= Requirements Engineering Specialist Group =

Specialist Group of the British Computer Society

The Requirements Engineering Specialist Group (RESG) is a Specialist Group of the British Computer Society. It runs events on all aspects of Requirements.

== Mission of the RESG ==

The RESG's stated purpose is "to provide a forum for interaction between the many disciplines involved" in Requirements Engineering, which it explains is "a key activity in the development of software systems and is concerned with the identification of the goals of stakeholders and their elaboration into precise statements of desired services and behaviour." The RESG describes Requirements engineering as "the elicitation, definition, modelling, analysis, specification and validation of what is needed from a system.". The RESG's stated mission is to attempt to bridge the gap between industry and research, as it "welcomes members from, and organises events for practitioners, academics and students" in the field.

== History of the RESG ==

The RESG was founded in 1994 by Bashar Nuseibeh of Imperial College (now professor at the Open University), Neil Maiden of City University (also now professor), Paul Gough of Philips Labs, Sara Jones of the University of Hertfordshire, Steve Easterbrook of the University of Sussex, and Orlena Gotel of Imperial College. It has run events and published its newsletter ever since.
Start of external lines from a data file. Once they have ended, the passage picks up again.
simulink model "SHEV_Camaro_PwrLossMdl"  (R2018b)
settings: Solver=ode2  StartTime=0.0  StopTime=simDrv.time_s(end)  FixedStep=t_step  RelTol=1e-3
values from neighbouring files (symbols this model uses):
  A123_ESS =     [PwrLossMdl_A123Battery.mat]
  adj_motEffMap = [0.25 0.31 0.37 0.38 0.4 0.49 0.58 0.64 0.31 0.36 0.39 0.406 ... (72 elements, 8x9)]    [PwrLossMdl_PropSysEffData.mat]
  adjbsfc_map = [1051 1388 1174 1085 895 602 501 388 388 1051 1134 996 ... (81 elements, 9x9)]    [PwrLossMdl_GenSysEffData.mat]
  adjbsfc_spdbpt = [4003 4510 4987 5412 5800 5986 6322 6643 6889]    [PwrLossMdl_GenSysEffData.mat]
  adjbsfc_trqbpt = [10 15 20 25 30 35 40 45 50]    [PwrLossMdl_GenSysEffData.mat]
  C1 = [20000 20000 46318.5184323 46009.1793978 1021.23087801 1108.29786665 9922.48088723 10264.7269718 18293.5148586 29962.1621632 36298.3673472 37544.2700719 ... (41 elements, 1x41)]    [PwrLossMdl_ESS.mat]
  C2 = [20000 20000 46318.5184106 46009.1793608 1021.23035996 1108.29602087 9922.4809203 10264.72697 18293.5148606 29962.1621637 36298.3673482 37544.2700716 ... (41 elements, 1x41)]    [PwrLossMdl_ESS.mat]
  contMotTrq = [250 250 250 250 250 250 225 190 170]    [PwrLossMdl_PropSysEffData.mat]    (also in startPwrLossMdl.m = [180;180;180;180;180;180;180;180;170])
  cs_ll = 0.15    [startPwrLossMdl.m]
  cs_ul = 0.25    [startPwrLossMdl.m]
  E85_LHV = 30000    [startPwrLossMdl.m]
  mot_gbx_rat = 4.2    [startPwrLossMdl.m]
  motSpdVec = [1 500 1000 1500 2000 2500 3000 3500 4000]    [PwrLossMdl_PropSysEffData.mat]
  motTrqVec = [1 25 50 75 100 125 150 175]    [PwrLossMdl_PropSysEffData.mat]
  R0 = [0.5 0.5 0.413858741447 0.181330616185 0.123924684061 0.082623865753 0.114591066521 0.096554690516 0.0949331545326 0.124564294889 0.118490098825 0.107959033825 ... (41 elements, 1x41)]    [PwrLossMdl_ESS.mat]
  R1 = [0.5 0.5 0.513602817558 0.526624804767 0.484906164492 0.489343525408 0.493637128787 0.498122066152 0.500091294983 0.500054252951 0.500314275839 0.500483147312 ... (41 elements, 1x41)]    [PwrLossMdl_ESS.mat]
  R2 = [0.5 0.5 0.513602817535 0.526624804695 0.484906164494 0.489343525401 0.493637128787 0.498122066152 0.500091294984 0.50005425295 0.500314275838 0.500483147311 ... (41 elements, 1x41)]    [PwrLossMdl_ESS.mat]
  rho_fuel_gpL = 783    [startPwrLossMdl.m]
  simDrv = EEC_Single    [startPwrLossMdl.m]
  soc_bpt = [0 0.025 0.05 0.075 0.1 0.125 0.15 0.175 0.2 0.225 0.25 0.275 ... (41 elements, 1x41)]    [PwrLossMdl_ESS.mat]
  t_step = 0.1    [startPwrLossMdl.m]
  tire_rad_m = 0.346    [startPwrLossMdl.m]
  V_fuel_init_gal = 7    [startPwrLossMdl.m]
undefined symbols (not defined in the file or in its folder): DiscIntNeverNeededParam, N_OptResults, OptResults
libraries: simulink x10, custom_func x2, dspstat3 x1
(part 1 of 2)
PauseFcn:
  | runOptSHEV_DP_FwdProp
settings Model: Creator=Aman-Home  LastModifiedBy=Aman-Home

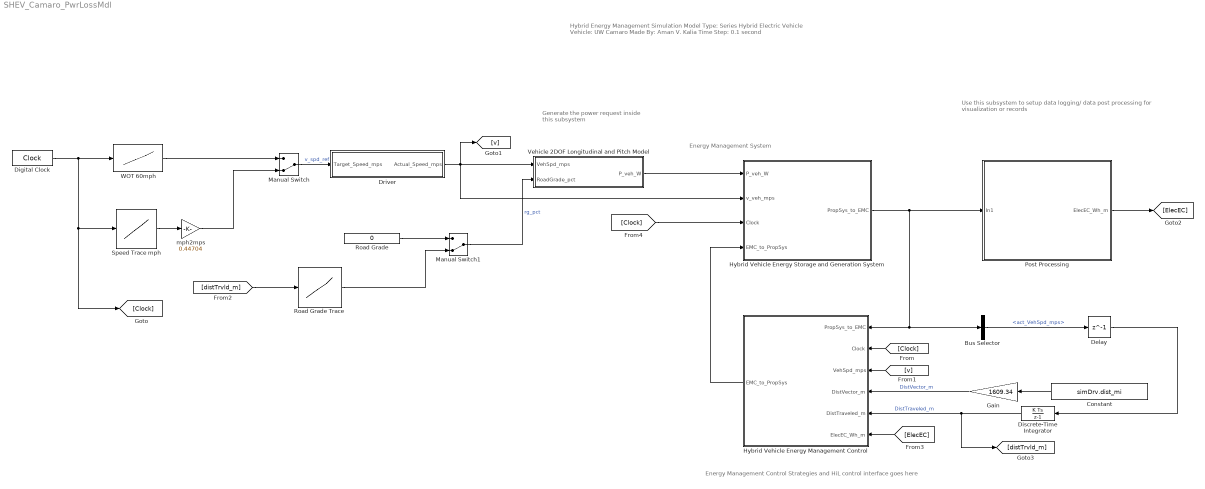
== system SHEV_Camaro_PwrLossMdl ==
  note: Energy Management Control Strategies and HiL control interface goes here
  note: Hybrid Energy Management Simulation Model
      | Type: Series Hybrid Electric Vehicle
      | Vehicle: UW Camaro
      | Made By: Aman V. Kalia
      | Time Step: 0.1 second
  note: Use this subsystem to setup data logging/ data post processing
      | for visualization or records
  note: Generate the power request inside
      | this subsystem
  note: Energy Management System
  Bus Selector : BusSelector  OutputSignals=act_VehSpd_mps
  Constant : Constant  Value=simDrv.dist_mi
  Delay : Delay  DelayLength=1
  Digital Clock : DigitalClock  SampleTime=t_step
  Discrete-Time Integrator : DiscreteIntegrator  SampleTime=t_step  ICPrevOutput=DiscIntNeverNeededParam  ICPrevScaledInput=DiscIntNeverNeededParam
  Driver : Subsystem
  Gain : Gain  Gain=1609.34
  Hybrid Vehicle Energy Management Control : Subsystem
  Hybrid Vehicle Energy Storage and Generation System : Subsystem
  Manual Switch : ManualSwitch  CurrentSetting=0
  Manual Switch1 : ManualSwitch  CurrentSetting=0
  Post Processing : Subsystem
  Road Grade : Constant  Value=0
  Road Grade Trace : Lookup_n-D  NumberOfTableDimensions=1  BreakpointsForDimension1=simDrv.dist_mi(1:end-1) * 1609.34  Table=simDrv.grade_pct(1:end-1)  ExtrapMethod=Clip  UseLastTableValue=on  InternalRulePriority=Speed  RndMeth=Simplest  InputSameDT=on
  Speed Trace mph : Lookup_n-D  NumberOfTableDimensions=1  BreakpointsForDimension1=simDrv.time_s  Table=simDrv.rand_spd_mph  ExtrapMethod=Clip  InternalRulePriority=Speed  RndMeth=Simplest  InputSameDT=on
  Vehicle 2DOF Longitudinal and Pitch Model : Subsystem
  WOT 60mph : Lookup_n-D  NumberOfTableDimensions=1  BreakpointsForDimension1=[0,5,10,simDrv.time_s(end)]  Table=[0,0,60,60] * 0.447  ExtrapMethod=Clip  InternalRulePriority=Speed  RndMeth=Simplest  InputSameDT=on
  mph2mps : Gain  Gain=0.44704
  wires:
  Manual Switch/1 -> Driver/1(Target_Speed_mps)  "v_spd_ref"
  Hybrid Vehicle Energy Management Control/1(EMC_to_PropSys) -> Hybrid Vehicle Energy Storage and Generation System/4(EMC_to_PropSys)
  Hybrid Vehicle Energy Storage and Generation System/1(PropSys_to_EMC) -> Hybrid Vehicle Energy Management Control/1(PropSys_to_EMC), Bus Selector/1, Post Processing/1(In1)
  Vehicle 2DOF Longitudinal and Pitch Model/1(P_veh_W) -> Hybrid Vehicle Energy Storage and Generation System/1(P_veh_W)
  Manual Switch1/1 -> Vehicle 2DOF Longitudinal and Pitch Model/2(RoadGrade_pct)  "rg_pct"
  Digital Clock/1 -> [Clock], Speed Trace mph/1, WOT 60mph/1
  Speed Trace mph/1 -> mph2mps/1
  Road Grade/1 -> Manual Switch1/1
  Road Grade Trace/1 -> Manual Switch1/2
  [Clock] -> Hybrid Vehicle Energy Management Control/2(Clock)
  [v] -> Hybrid Vehicle Energy Management Control/3(VehSpd_mps)
  Constant/1 -> Gain/1
  Bus Selector/1 -> Delay/1  "<act_VehSpd_mps>"
  Discrete-Time Integrator/1 -> [distTrvld_m], Hybrid Vehicle Energy Management Control/5(DistTraveled_m)  "DistTraveled_m"
  Gain/1 -> Hybrid Vehicle Energy Management Control/4(DistVector_m)  "DistVector_m"
  WOT 60mph/1 -> Manual Switch/1
  Post Processing/1(ElecEC_Wh_m) -> [ElecEC]
  [ElecEC] -> Hybrid Vehicle Energy Management Control/6(ElecEC_Wh_m)
  Driver/1(Actual_Speed_mps) -> Hybrid Vehicle Energy Storage and Generation System/2(v_veh_mps), Vehicle 2DOF Longitudinal and Pitch Model/1(VehSpd_mps), [v]
  [Clock] -> Hybrid Vehicle Energy Storage and Generation System/3(Clock)
  mph2mps/1 -> Manual Switch/2
  Delay/1 -> Discrete-Time Integrator/1
  [distTrvld_m] -> Road Grade Trace/1

== system SHEV_Camaro_PwrLossMdl/Driver ==
  Target_Speed_mps : Inport
  Actual_Speed_mps : Outport
  wires:
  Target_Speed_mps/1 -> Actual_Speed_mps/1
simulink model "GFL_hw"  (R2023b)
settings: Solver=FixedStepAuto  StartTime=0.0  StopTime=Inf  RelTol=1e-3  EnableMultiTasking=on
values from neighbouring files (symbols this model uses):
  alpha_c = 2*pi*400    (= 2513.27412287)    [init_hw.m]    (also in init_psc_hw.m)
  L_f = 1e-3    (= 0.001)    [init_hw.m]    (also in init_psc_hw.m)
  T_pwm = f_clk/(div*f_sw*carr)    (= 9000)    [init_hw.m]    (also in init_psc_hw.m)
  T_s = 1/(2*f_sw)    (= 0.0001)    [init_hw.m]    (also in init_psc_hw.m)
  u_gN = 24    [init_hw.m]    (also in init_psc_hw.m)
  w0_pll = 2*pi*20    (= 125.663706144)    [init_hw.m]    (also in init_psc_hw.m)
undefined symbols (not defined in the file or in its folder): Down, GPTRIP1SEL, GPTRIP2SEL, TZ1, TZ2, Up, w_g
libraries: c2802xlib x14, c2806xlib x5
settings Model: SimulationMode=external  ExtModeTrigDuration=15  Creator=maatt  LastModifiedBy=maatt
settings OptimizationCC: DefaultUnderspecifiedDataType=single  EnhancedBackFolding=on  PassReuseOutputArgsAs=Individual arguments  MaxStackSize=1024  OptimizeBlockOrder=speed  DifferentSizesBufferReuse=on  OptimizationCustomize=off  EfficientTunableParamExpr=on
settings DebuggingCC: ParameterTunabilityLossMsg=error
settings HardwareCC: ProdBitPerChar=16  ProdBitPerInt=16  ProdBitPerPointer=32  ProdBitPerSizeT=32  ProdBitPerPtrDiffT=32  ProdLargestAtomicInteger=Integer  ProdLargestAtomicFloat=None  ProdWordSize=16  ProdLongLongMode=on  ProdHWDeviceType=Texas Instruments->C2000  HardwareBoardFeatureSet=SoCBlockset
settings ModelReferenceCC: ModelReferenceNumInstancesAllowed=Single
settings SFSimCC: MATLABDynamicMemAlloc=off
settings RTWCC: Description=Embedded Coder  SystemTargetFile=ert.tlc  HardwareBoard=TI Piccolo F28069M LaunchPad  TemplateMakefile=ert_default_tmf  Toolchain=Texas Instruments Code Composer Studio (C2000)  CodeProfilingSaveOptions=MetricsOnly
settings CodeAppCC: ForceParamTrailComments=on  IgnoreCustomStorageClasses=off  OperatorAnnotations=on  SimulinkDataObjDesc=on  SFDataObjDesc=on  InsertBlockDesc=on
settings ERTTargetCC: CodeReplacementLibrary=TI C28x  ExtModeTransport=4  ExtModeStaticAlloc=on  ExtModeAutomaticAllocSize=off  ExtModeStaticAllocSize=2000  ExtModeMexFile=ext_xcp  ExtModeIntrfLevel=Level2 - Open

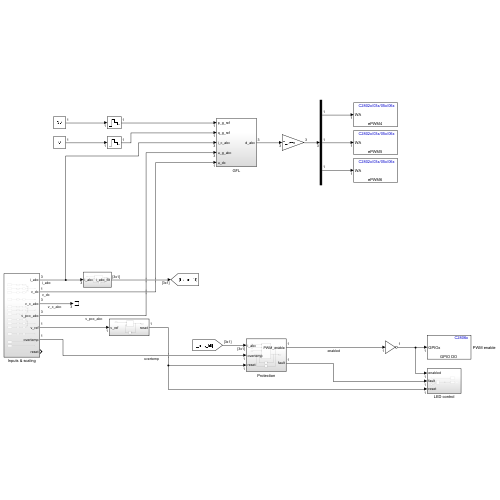
[thumbnail: Simulink's stored preview of the top-level diagram]
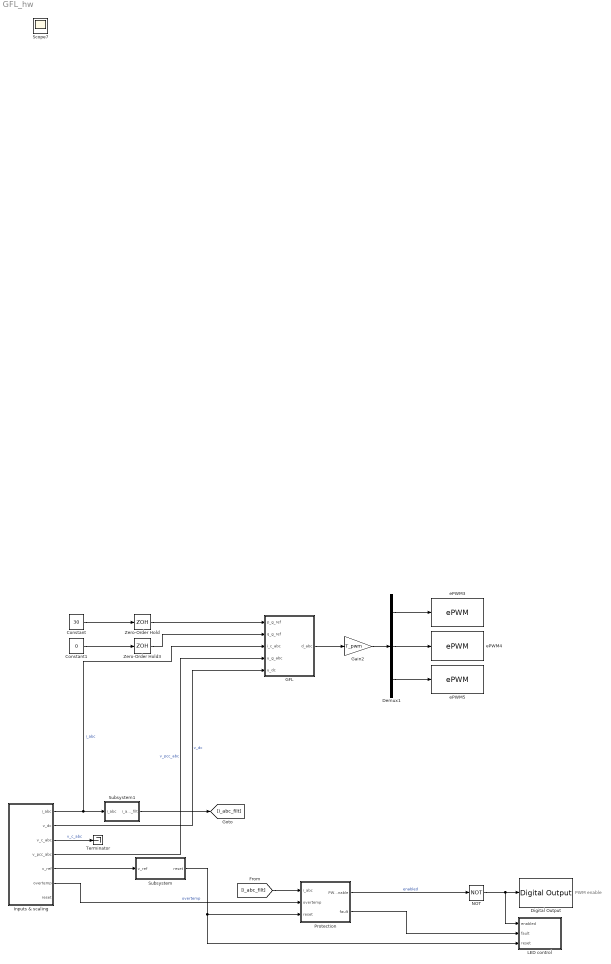
== system GFL_hw ==
  note: PWM enable
  Constant : Constant  Value=30  SampleTime=T_s
  Constant1 : Constant  Value=0  SampleTime=T_s
  Demux1 : Demux  Outputs=3
  Digital Output : c2806xlib/Digital Output  GPIO_Number=GPIO50~GPIO55  GPIO_Bit0=off  GPIO_BIT0_Toggle=off  GPIO_Bit1=off  GPIO_BIT1_Toggle=off  GPIO_Bit2=off  GPIO_BIT2_Toggle=off  GPIO_Bit3=off  GPIO_BIT3_Toggle=off  GPIO_Bit4=on  GPIO_BIT4_Toggle=off  GPIO_Bit5=off  GPIO_BIT5_Toggle=off  GPIO_Bit6=off  GPIO_BIT6_Toggle=off  GPIO_Bit7=off  GPIO_BIT7_Toggle=off
  GFL : Subsystem
  Gain2 : Gain  Gain=T_pwm
  Inputs & scaling : Subsystem
  LED control : Subsystem
  NOT : Logic  Operator=NOT  IconShape=distinctive  AllPortsSameDT=off  OutDataTypeStr=boolean
  Protection : Subsystem
  Subsystem : Subsystem
  Subsystem1 : Subsystem
  Terminator : Terminator
  Zero-Order Hold : ZeroOrderHold  SampleTime=T_s
  Zero-Order Hold3 : ZeroOrderHold  SampleTime=T_s
  ePWM3 : c2802xlib/ePWM  PwmType=C2000  useModule=ePWM4  ePWMxLINKTBPRD=Not Linked  periodUnits=Clock cycles  timerSource=Specify via dialog  timerPeriod_clk=T_pwm + 1  timerPeriod_sec=0.0001  tbshadow=Counter equals to zero  countingMode=Up-Down  phaseActiveEnable=Disable  phaseDirection=Count down after sync  phaseActive=0  synchronizationEnable=off  dcaevt1Sync=off  dcbevt1Sync=off  synchronizationOption=Counter equals to zero (CTR=Zero)  dcbevt1SyncOut=off  dcaevt1SyncOut=off  cmpdSyncOut=off  cmpcSyncOut=off  cmpbSyncOut=off  zeroSyncOut=off  swfSyncOut=off  perSynchronizationOption=Counter equals to period (CTR=PRD)  clockPrescale=1  HSclockPrescale=1  enswap=off  ePWMxAStatus=on  ePWMxAactionLogic1=Do nothing  ePWMxAactionLogic2=Do nothing  ePWMxAactionLogic3=Clear  ePWMxAactionLogic4=Set  ePWMxAactionLogic5=Do nothing  ePWMxAactionLogic6=Do nothing  ePWMxACSFenable=off  ePWMxACSFvalue=Forcing disable  ePWMxASFreload=Zero  ePWMxBStatus=off  ePWMxBactionLogic1=Set  ePWMxBactionLogic2=Clear  ePWMxBactionLogic3=Do nothing  ePWMxBactionLogic4=Do nothing  ePWMxBactionLogic5=Clear  ePWMxBactionLogic6=Set  ePWMxBCSFenable=off  ePWMxBCSFvalue=Forcing disable  ePWMxBSFreload=Zero  ePWNxBOutWay=on  ePWMxLINKCMPA=Not Linked  CMPAUnits=Clock cycles  CMPASource=Input port  CMPAValue_per=50  CMPAValue_clk=T_pwm/2  enCMPAshadow=Counter equals to zero (CTR=Zero)  ePWMxLINKCMPB=Not Linked  CMPBUnits=Clock cycles  CMPBSource=Specify via dialog  CMPBValue_per=50  CMPBValue_clk=T_pwm/2  enCMPBshadow=Counter equals to zero (CTR=Zero)  ePWMxLINKCMPC=Not Linked  CMPCUnits=Clock cycles  CMPCSource=Specify via dialog  CMPCValue_per=50  CMPCValue_clk=32000  enCMPCshadow=Counter equals to zero (CTR=Zero)  ePWMxLINKCMPD=Not Linked  CMPDUnits=Clock cycles  CMPDSource=Specify via dialog  CMPDValue_per=50  CMPDValue_clk=32000  enCMPDshadow=Counter equals to zero (CTR=Zero)  enableDBePWMxA=on  enableDBePWMxB=on  enhalfcycle=off  DBpolarity=Active high complementary (AHC)  DBedgeDelay=Positive  DBSource_ePWMxA=ePWMxA  DBSource_ePWMxB=ePWMxA  DBPeriodUnits=Clock cycles  DBperiodSource=Specify via dialog  REDperiod=15  FEDperiod=15  REDperiod_sec=0  FEDperiod_sec=0  LoadModeDBRED=Immediate without using shadow  LoadModeDBFED=Immediate without using shadow  adcstartModuleA=off  adcrequestEventA=First event  adcstartEventA=Counter equals to zero (CTR=Zero)  adcstartEventA_type2=Digital Compare Module A Event 1 start of conversion (DCAEVT1.soc)  adcstartModuleB=off  adcrequestEventB=First event  adcstartEventB=Counter equals to zero (CTR=Zero)  adcstartEventB_type2=Counter equals to zero (CTR=Zero)  intEn=off  intPrd=First event  intSel=Counter equals to zero (CTR=Zero)  intSel_type2=Counter equals to zero (CTR=Zero)  hrpe=off  enHRPWM=off  HRPWM_LoadMode=Counter equals to period (CTR=PRD)  HRPWM_CTLMode=Duty or Period control mode  HRPWM_EDGMode=Both edge  hrpeb=off  enHRPWMB=off  HRPWM_LoadModeB=Counter equals to zero (CTR=ZERO)  HRPWM_CTLModeB=Duty or Period control mode  HRPWM_EDGModeB=Both edge  enHRDBRED=off  enHRDBFED=off  enSFO=on  enautoconv=on  chopperEnable=off  chopperFrequency=1  chopperFirstwidth=1  chopperDuty=12.5%  tripZonesource=Specify via dialog  tzselOSHT1=off  tzselOSHT2=off  tzselOSHT3=off  tzselOSHDCAEV1=off  tzselOSHDCBEV1=off  tzselCBC1=off  tzselCBC2=off  tzselCBC3=off  tzselCBCDCAEV2=off  tzselCBCDCBEV2=off  tzselOSHT4=off  tzselOSHT5=off  tzselOSHT6=off  tzselCBC4=off  tzselCBC5=off  tzselCBC6=off  enTzOstIntr=off  enTzCbcIntr=off  enTzDCAEVT1Intr=off  enTzDCAEVT2Intr=off  enTzDCBEVT1Intr=off  enTzDCBEVT2Intr=off  ePWMxAforced=No action  ePWMxBforced=No action  DCAEVT1forced=No action  DCBEVT1forced=No action  DCAEVT2forced=No action  DCBEVT2forced=No action  dcah=Trip Zone 1 input (TZ1)  dcal=Trip Zone 1 input (TZ1)  dcbh=Trip Zone 1 input (TZ1)  dcbl=Trip Zone 1 input (TZ1)  dcah_type2=GPTRIP1SEL/(TZ1)  dcal_type2=GPTRIP2SEL/(TZ2)  dcbh_type2=GPTRIP1SEL/(TZ1)  dcbl_type2=GPTRIP2SEL/(TZ2)  gendcaevt1=Event disabled  gendcaevt2=Event disabled  gendcbevt1=Event disabled  gendcbevt2=Event disabled  dcaevt1src=DCAEVT1 with sync  dcaevt2src=DCAEVT2 with sync  dcbevt1src=DCBEVT1 with sync  dcbevt2src=DCBEVT2 with sync  pulsesel=Counter equals to zero (CTR=Zero)  blankinv=off  blankoffset=0  blankwidth=0  evsrcsel=Filtered version of DCAEVT1 (DCAEVT1FILT)  encape=off
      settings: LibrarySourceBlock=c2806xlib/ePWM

The RESG's first Chairman was Bashar Nuseibeh. He was succeeded by Pete Sawyer, Ian Alexander and Emmanuel Letier.

== Events ==

The RESG has run "workshops, seminars and tutorials on all aspects of requirements engineering", held "in a variety of locations in the UK, including London, Manchester, York and Edinburgh". In 1998, the RESG, with the RENOIR project, ran a 2-day Conference on European Industrial Requirements Engineering (CEIRE'98) in London. Events have included a 'Goals day'; workshops on 'Agile Requirements' and 'Self-Adaptive Systems'; an 'i* Showcase'; special events for post-doctoral researchers; Scenarios days; an event on software services; annual events on 'Careers in RE'; informal 'birds of a feather' pub meetings; book launches; and workshops at the annual international RE conference on 'RE Education and Training'

== Newsletter ==

The RESG published a newsletter since its foundation. The first 35 issues were titled "Requirenautics Quarterly", with Issue 1 published in October 1994. Since Issue 36, the newsletter has been titled "Requirements Quarterly". The founding editor was Steve Easterbrook, then at Sussex University, succeeded by Pete Sawyer of Lancaster University, Ian Alexander of Scenario Plus Ltd, Simon Hutton of Headmark Analysis, and William Heaven.

== Patron ==

The RESG's patron is Professor Michael A. Jackson, the creator of JSP and JSD, and the inventor of the Problem Frames approach to requirements.